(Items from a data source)
------------------------------------------------

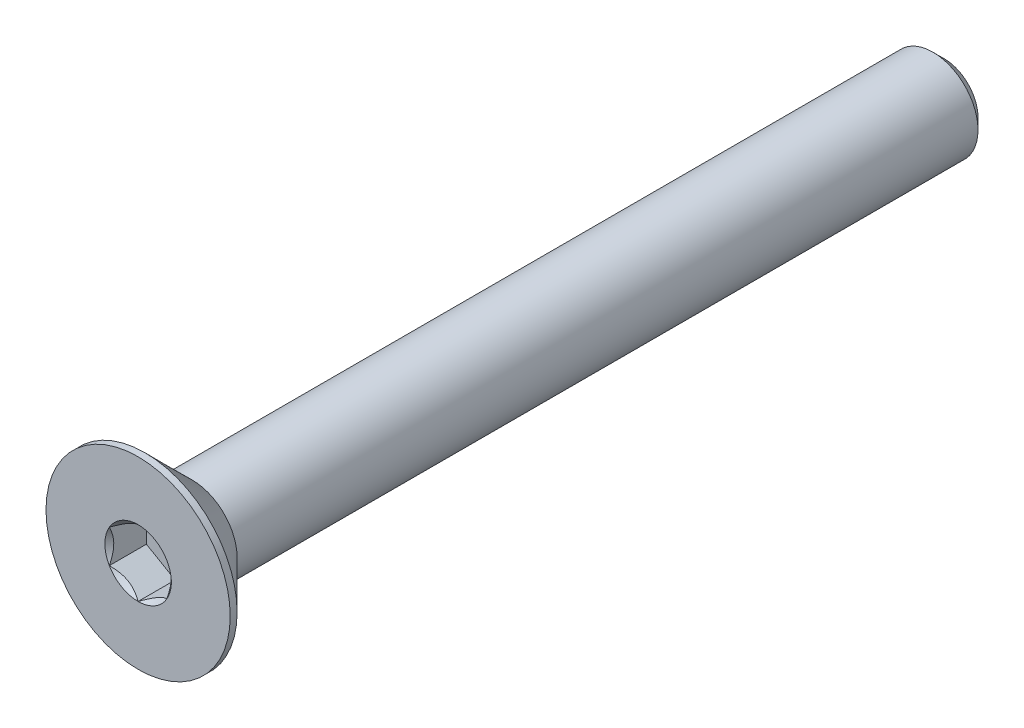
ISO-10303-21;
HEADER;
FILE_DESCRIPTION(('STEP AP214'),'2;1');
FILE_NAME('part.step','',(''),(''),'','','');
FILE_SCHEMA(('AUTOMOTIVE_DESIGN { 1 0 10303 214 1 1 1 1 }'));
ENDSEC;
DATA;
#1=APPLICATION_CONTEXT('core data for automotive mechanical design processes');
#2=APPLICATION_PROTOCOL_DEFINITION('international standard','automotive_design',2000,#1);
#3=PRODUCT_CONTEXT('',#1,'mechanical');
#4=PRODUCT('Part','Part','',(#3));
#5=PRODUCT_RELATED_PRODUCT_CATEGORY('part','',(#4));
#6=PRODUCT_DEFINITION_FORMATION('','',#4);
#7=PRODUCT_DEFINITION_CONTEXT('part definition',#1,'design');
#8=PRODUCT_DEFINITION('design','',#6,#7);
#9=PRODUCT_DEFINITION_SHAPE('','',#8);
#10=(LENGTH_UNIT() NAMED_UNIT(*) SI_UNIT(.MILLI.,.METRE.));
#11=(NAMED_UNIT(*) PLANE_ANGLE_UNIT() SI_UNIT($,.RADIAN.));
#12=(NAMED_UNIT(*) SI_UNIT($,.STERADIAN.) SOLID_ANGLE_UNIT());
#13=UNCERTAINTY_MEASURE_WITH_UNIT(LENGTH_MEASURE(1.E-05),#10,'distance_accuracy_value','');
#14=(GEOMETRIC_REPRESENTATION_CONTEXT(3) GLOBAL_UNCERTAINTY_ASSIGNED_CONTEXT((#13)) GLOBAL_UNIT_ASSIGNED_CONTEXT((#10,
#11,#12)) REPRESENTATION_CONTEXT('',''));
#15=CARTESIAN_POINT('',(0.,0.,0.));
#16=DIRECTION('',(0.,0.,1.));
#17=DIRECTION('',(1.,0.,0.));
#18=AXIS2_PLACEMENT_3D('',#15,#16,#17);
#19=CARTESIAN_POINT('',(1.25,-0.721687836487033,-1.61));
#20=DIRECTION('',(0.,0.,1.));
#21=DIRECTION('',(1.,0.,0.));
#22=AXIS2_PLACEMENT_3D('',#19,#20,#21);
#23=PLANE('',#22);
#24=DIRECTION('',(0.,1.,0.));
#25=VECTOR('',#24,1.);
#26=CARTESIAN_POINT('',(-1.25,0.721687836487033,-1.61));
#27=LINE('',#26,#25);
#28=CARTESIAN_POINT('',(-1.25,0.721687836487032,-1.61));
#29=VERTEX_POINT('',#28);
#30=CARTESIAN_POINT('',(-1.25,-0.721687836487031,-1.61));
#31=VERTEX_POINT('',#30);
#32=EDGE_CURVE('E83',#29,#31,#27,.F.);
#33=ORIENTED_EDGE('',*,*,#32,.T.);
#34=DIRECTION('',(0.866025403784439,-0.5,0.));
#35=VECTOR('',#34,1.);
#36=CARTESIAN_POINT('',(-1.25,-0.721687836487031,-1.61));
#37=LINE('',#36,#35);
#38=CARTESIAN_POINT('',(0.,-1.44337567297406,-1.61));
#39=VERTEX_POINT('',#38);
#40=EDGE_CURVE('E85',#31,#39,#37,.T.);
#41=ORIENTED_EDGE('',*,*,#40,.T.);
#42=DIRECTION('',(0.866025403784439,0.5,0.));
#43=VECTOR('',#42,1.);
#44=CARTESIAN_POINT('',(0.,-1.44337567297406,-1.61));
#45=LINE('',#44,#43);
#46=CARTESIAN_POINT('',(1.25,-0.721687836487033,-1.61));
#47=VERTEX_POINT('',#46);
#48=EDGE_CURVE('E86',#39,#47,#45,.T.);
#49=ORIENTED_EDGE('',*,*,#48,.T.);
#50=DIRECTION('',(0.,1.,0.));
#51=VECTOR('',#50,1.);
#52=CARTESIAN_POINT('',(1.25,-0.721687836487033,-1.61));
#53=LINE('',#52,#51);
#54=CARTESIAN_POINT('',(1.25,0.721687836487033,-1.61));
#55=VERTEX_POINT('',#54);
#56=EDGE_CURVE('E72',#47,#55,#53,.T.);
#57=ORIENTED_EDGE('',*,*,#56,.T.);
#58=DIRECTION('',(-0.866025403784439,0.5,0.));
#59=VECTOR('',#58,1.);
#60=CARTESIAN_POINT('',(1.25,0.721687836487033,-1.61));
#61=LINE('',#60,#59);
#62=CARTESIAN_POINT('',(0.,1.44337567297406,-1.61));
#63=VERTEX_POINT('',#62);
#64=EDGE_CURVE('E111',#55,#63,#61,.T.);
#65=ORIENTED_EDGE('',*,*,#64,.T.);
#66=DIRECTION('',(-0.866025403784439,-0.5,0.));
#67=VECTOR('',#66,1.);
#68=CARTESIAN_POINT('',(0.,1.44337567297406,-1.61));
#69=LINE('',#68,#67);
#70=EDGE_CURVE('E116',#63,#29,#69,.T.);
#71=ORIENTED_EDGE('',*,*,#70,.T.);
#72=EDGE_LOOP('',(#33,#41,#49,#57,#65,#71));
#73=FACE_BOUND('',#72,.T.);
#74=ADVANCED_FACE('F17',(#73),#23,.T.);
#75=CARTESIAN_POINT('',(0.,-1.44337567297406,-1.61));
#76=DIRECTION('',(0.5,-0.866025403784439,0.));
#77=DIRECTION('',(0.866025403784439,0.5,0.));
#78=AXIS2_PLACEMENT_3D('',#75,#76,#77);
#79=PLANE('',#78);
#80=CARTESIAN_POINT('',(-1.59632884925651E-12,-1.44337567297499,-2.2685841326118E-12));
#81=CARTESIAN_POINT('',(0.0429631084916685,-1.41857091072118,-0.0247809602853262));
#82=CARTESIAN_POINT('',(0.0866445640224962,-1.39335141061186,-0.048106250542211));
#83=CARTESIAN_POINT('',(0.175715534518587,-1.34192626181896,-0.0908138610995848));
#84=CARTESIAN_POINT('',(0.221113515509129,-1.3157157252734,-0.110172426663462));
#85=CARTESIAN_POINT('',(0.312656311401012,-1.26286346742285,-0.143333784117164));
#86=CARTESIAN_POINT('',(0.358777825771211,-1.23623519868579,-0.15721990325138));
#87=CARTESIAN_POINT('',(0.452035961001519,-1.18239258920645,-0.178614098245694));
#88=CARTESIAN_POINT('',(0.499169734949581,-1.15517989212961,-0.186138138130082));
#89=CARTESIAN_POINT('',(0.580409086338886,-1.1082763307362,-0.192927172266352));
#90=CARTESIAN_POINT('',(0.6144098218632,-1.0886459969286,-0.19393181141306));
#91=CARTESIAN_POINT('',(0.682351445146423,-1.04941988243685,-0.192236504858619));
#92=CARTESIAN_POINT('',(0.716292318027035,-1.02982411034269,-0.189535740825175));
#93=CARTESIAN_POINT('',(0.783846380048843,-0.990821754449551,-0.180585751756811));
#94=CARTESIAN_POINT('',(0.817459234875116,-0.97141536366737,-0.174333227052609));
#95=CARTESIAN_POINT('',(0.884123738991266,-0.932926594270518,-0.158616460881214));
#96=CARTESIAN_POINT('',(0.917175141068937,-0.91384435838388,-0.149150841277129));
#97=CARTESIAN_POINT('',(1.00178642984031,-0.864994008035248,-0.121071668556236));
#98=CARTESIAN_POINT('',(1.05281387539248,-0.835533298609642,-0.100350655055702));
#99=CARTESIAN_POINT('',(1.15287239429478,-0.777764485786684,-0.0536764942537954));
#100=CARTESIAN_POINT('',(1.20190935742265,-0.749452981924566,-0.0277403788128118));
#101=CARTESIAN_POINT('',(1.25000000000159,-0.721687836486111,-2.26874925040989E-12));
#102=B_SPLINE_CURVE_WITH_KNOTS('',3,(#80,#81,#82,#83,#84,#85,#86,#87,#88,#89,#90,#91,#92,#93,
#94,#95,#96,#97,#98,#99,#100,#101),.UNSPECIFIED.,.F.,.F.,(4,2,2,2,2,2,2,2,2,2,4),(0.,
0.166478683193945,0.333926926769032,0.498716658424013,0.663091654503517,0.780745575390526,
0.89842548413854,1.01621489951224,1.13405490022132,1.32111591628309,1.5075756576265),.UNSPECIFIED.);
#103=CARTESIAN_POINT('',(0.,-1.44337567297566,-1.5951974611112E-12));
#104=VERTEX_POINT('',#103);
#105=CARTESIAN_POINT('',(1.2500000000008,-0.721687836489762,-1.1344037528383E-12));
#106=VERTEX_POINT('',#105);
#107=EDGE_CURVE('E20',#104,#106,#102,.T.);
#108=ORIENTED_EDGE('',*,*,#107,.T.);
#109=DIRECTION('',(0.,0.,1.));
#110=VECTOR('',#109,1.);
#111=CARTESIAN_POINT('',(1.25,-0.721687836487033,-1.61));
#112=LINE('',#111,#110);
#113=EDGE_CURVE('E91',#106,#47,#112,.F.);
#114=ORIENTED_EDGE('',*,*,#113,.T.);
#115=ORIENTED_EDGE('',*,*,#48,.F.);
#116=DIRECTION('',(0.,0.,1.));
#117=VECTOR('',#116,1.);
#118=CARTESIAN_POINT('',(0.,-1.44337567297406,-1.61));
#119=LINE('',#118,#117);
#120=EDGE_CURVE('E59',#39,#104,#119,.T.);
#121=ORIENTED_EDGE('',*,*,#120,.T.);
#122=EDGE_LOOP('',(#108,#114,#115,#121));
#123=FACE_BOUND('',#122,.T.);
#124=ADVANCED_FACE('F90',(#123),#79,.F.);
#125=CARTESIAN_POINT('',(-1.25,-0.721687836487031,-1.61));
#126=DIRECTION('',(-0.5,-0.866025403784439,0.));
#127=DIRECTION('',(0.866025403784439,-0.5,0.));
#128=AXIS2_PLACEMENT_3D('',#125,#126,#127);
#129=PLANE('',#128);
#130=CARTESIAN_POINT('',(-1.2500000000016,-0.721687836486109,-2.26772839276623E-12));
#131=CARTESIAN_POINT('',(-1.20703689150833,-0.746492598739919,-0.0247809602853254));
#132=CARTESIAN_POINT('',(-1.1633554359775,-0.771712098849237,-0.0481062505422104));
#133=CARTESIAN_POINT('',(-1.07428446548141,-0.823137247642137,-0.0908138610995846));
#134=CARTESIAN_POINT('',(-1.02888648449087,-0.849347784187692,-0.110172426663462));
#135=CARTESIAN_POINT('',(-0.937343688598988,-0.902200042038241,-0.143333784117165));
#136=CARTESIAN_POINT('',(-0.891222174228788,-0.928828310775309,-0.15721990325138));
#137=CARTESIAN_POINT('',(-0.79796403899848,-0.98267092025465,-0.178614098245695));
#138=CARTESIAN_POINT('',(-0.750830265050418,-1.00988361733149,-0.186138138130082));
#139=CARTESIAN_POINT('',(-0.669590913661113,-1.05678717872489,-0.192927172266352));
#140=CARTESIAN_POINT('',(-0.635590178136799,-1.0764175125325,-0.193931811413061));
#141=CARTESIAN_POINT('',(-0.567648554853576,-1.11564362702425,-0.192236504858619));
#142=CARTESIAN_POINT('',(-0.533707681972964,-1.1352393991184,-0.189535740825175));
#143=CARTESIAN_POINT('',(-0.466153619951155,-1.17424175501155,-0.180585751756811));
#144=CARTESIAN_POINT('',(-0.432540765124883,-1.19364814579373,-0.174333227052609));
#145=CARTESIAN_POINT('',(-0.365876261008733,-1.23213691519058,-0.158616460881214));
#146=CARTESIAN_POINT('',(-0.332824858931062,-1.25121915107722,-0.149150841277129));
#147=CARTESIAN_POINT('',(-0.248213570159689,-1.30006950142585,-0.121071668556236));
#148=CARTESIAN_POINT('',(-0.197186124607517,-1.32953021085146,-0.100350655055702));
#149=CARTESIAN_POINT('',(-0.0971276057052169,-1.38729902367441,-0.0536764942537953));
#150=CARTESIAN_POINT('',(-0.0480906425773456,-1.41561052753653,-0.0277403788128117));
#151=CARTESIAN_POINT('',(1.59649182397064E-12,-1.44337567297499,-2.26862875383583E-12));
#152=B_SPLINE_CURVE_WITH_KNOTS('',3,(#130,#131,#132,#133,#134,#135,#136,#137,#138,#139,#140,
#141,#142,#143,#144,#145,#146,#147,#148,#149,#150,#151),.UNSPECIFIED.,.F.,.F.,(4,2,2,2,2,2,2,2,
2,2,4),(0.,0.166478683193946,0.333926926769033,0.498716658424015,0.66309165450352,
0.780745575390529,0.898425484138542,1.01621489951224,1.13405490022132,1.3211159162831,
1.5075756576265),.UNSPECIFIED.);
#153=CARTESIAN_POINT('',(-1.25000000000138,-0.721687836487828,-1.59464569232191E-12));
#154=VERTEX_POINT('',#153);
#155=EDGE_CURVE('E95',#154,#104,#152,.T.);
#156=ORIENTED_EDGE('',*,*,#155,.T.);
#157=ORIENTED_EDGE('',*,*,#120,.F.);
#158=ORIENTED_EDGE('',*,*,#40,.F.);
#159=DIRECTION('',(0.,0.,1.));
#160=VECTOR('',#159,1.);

------------------------------------------------

▶ **What the task asks**
Lines in the records above that carry the word "UNSPECIFIED" are to be located and copied.

▶ **Exercise output**
#94,#95,#96,#97,#98,#99,#100,#101),.UNSPECIFIED.,.F.,.F.,(4,2,2,2,2,2,2,2,2,2,4),(0.,
0.89842548413854,1.01621489951224,1.13405490022132,1.32111591628309,1.5075756576265),.UNSPECIFIED.);
#141,#142,#143,#144,#145,#146,#147,#148,#149,#150,#151),.UNSPECIFIED.,.F.,.F.,(4,2,2,2,2,2,2,2,
1.5075756576265),.UNSPECIFIED.);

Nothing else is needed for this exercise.